Thursday, February 14, 2013

Movie Review—Creature from Black Lake

So, as if to celebrate that last Sunday's monster day entry was on the Fouke Monster, today I sat down to watch "Creature from Black Lake," which more or less exists due to the popularity of "Legend of Boggy Creek." Unfortunately, this movie is nowhere near as spooky and charming and interesting as the former.

"Creature from Black Lake" opens with an attack on a pair of trappers floating in a boat on the eponymous Black Lake (which looks more muddy than black, but whatever) by a big hairy hominid who comes at them from under the water. That's right! Bigfoot can swim, apparently!

Anyway, that scene dealt with, the movie shifts gears to a pair of "yankees" (as the movie is so fond of reminding us) from college in Chicago who've come down to the Black Lake region to try to find the creature. Maybe to catch it and bring it back alive. A large portion of the movie chronicles these two gadabouts as they run into trouble with the locals, be it a faux pas at a hillbilly dinner or flirting with the sheriff's pretty young daughter or trying their damndest to track down the surviving trapper from that first scene so they can interview him and find out where to get their own look at the Creature from Black Lake.

There might not be any hamburgers in your future, but I bet getting mauled by Bigfoot will make up for it!
I'm not sure WHY the monster's called the Creature from Black Lake... since the lake only appears in that one pre-credit sequence. The rest of the movie takes place in a small town and in the woods, more or less.

Anyway... no real suspense. Some goofy music. A pretty mediocre ape suit. And a big dose of pan-n-scan coupled with at times barely-understandable dialogue from a pretty sub-par transfer to DVD equates to what can be charitably called "Not one of my top ten Bigfoot-related movies."

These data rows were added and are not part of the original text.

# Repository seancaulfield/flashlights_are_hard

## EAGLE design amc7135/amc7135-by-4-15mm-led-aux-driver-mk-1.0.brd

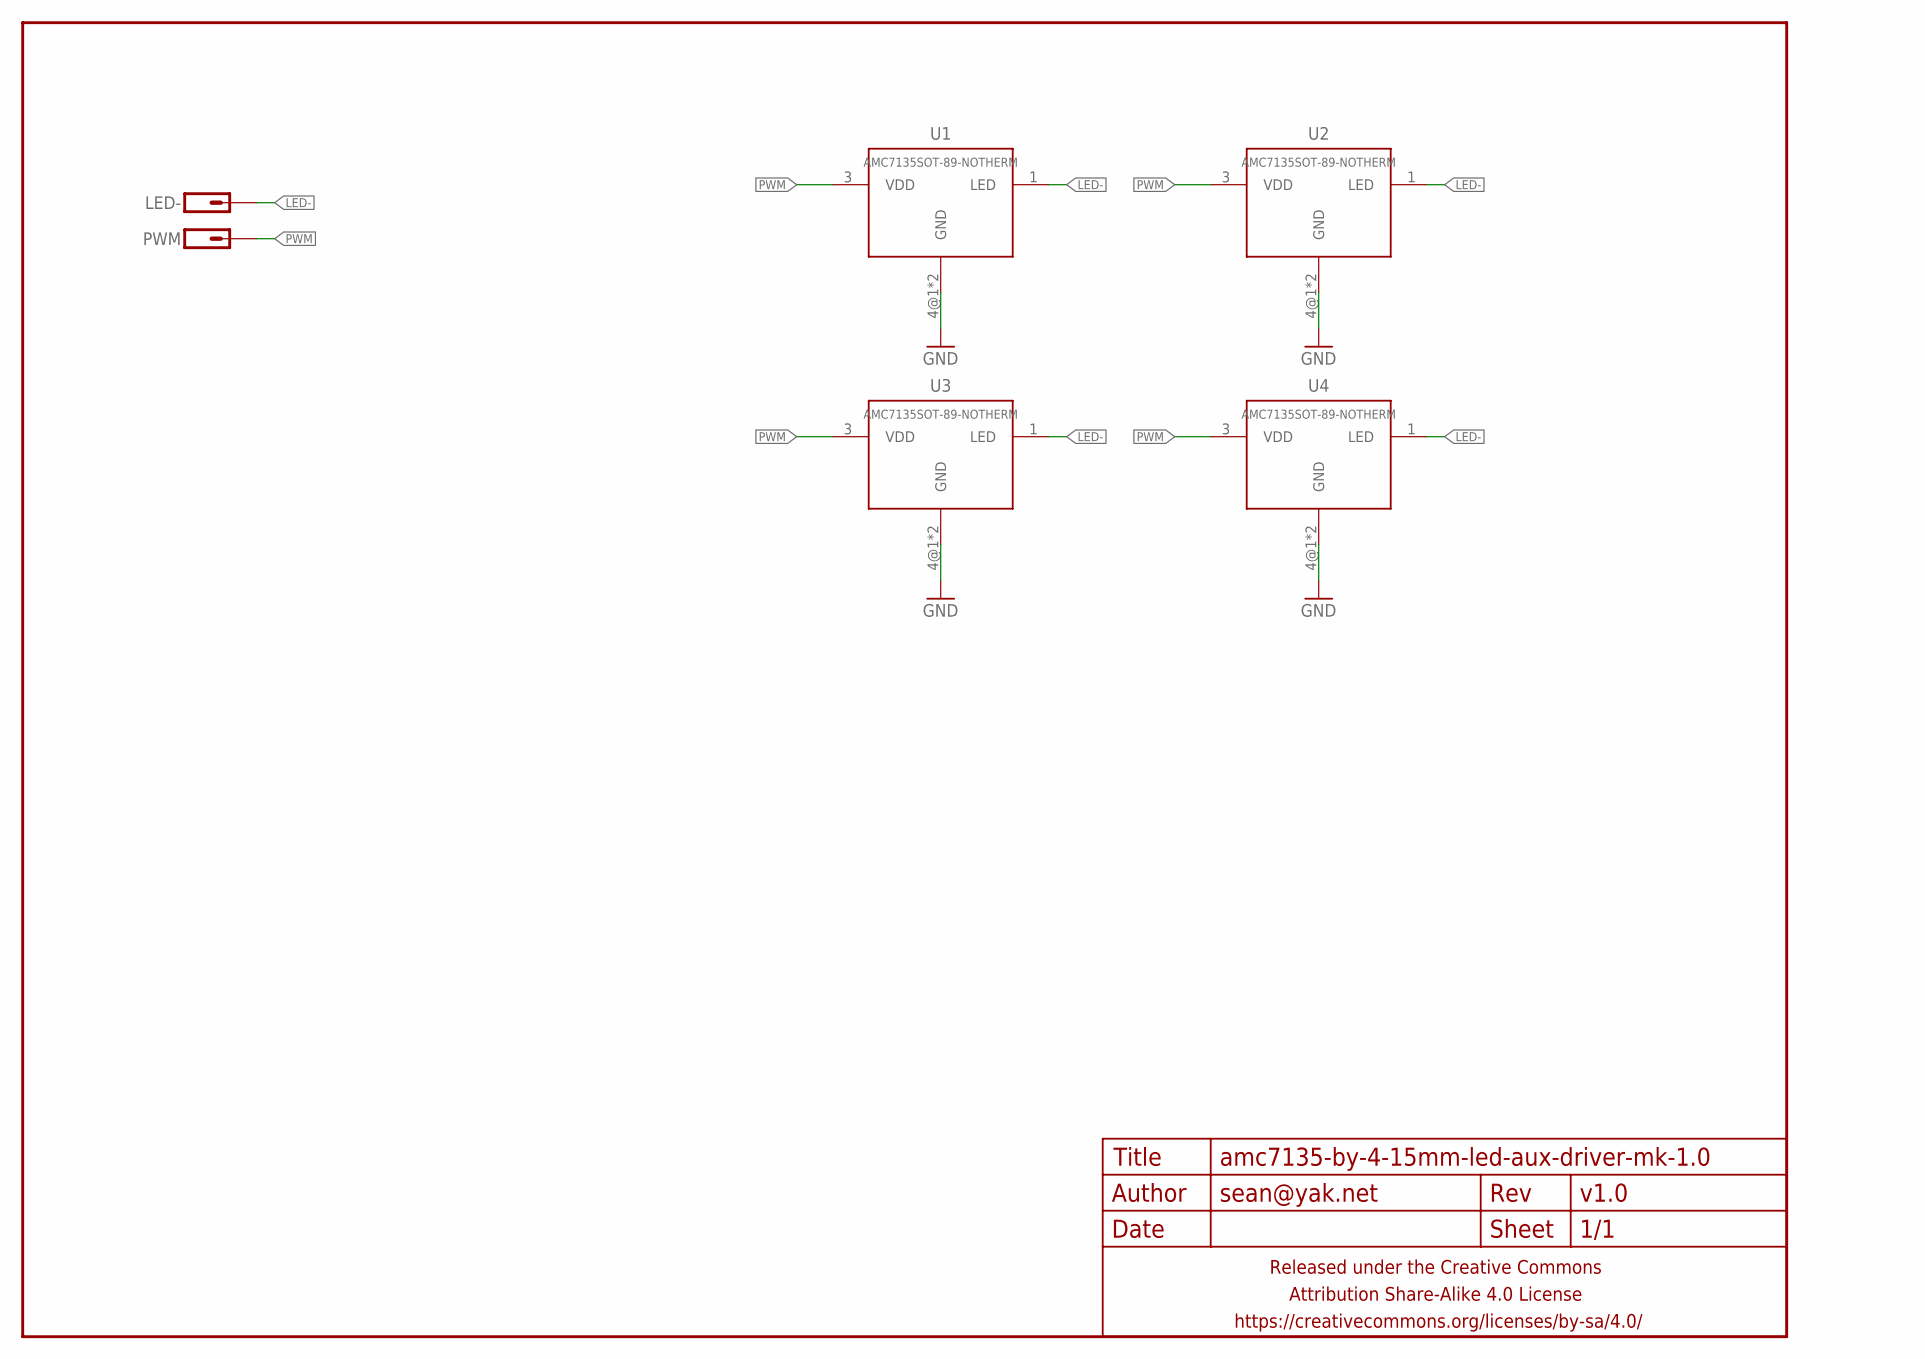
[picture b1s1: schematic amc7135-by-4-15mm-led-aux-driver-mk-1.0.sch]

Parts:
FRAME1: FRAME-LETTERNO_PACKAGE; DUMMY
LED-: M01SMD-1.25MM-DIA; 1X01-SMD-1.25MM-DIA-NS
PWM: M01SMD-1.25MM-DIA; 1X01-SMD-1.25MM-DIA-NS
U1, U2, U3, U4: AMC7135SOT-89-NOTHERM; SOT89-NOTHERM

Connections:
GND: U1.4@1 (GND), U1.4@2 (GND), U2.4@1 (GND), U2.4@2 (GND), U3.4@1 (GND), U3.4@2 (GND), U4.4@1 (GND), U4.4@2 (GND)
LED-: LED-.P$1, U1.1 (LED), U2.1 (LED), U3.1 (LED), U4.1 (LED)
PWM: PWM.P$1, U1.3 (VDD), U2.3 (VDD), U3.3 (VDD), U4.3 (VDD)

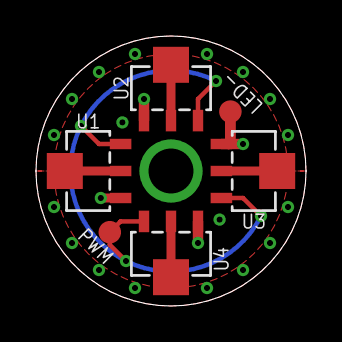
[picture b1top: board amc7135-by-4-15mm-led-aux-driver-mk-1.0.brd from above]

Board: 2 copper layers, 15.0 x 15.0 mm, 7 parts (0 on the bottom side), 3 nets.

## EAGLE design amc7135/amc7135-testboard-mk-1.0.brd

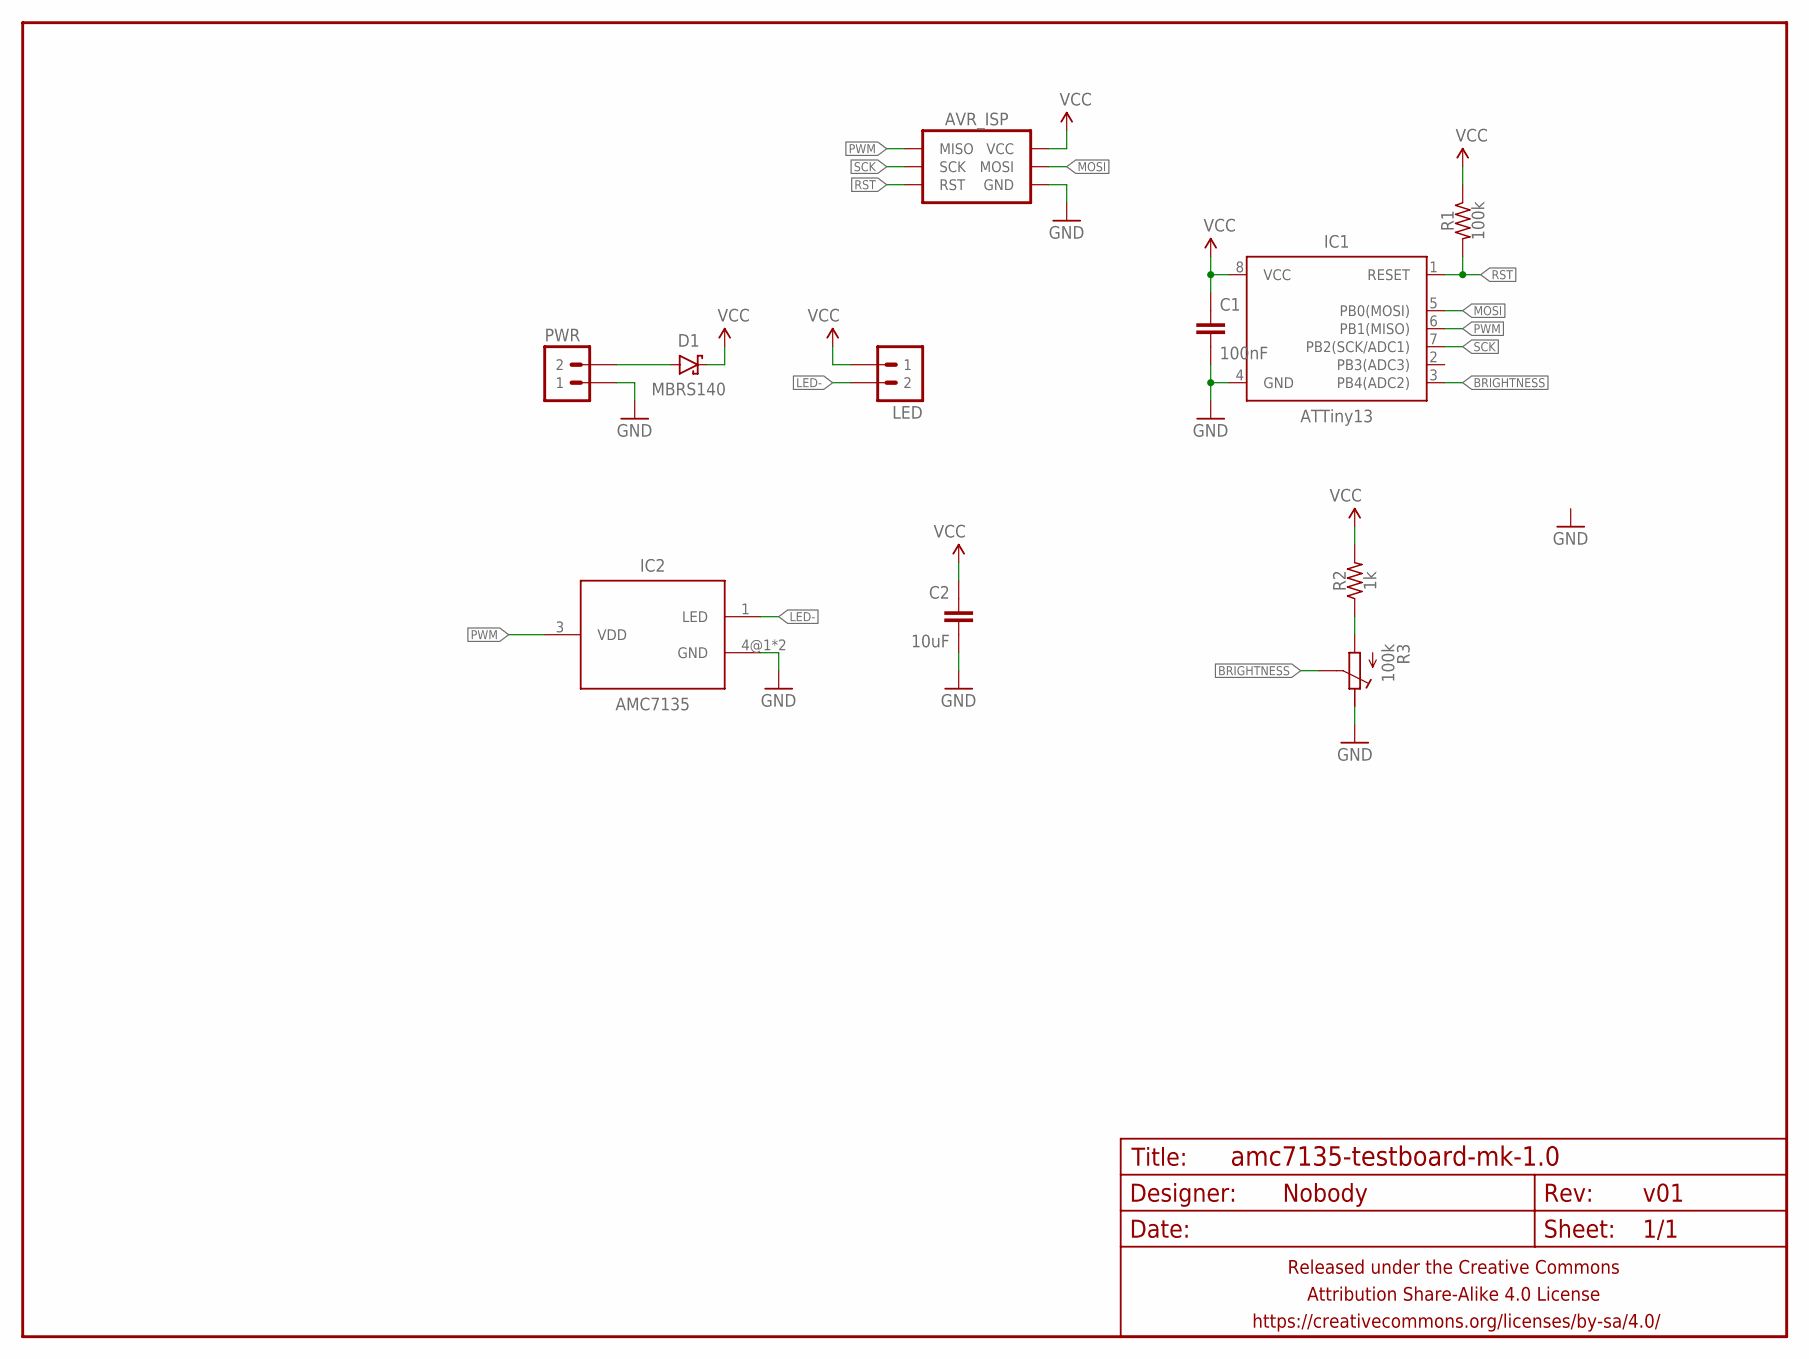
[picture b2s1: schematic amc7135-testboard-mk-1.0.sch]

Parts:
AVR_ISP: AVR_SPI_PRG_6SMD_TEST_POINTS; 2X3_SMD_TEST_POINTS
C1: 100nF; C0805
C2: 10uF; C0805
D1: MBRS140; SMA-DIODE-SCHOTTKY
FRAME1: FRAME-LETTERNO_PACKAGE; DUMMY
IC1: ATTiny13; SO08
IC2: AMC7135; SOT89-NOTHERM
LED: M02JST-PTH-RA-SMALLPADS; JST-2-PH-RA-PTH-SMALLPADS
PWR: M02JST-PTH-RA-SMALLPADS; JST-2-PH-RA-PTH-SMALLPADS
R1: 100k; R0805
R2: 1k; R0805
R3: 100k; EVM3Y

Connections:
BRIGHTNESS: IC1.3 (PB4(ADC2)), R3.S
GND: AVR_ISP.6 (GND), C1.2, C2.2, IC1.4 (GND), IC2.4@1 (GND), IC2.4@2 (GND), PWR.1, R3.E
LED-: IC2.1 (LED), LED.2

Creature From Black Lake...
  • ... features a Vietnam Vet who's defining characteristic is that he likes hamburgers. Why? Because he grew up in town with a chicken processing plant and his dad worked there so they had chicken every day. Chicken for breakfast. Chicken for lunch. Chicken for dinner. One day his dad tried to make chicken jello. What does this have to do with Vietnam or, more on-topic, the Creature From Black Lake? Not sure... but there's a lot of film time spent on the topic so it must have been important to someone.
  • ... isn't interested in showing us the fate of the creature. Did it die when it got shot? Did the van explosion kill it? What happened? Doesn't mater, because with about 5 minutes to go, the movie loses interest in the Bigfoot and wallows in a long coda where we get to worry about Mr. Hamburgers after he gets mauled by the Bigfoot earlier on.
  • ... reminded me why I don't like pan-n-scan.
  • ... doesn't have a cat trick, but it does have an unexplained bearded man in the woods trick.
  • ... spends roughly 2% of its running time at the actual Black Lake. I guess that's okay, since it's about the creature FROM Black Lake, not the creature AT Black Lake.
  • ... has a much better poster than it deserves.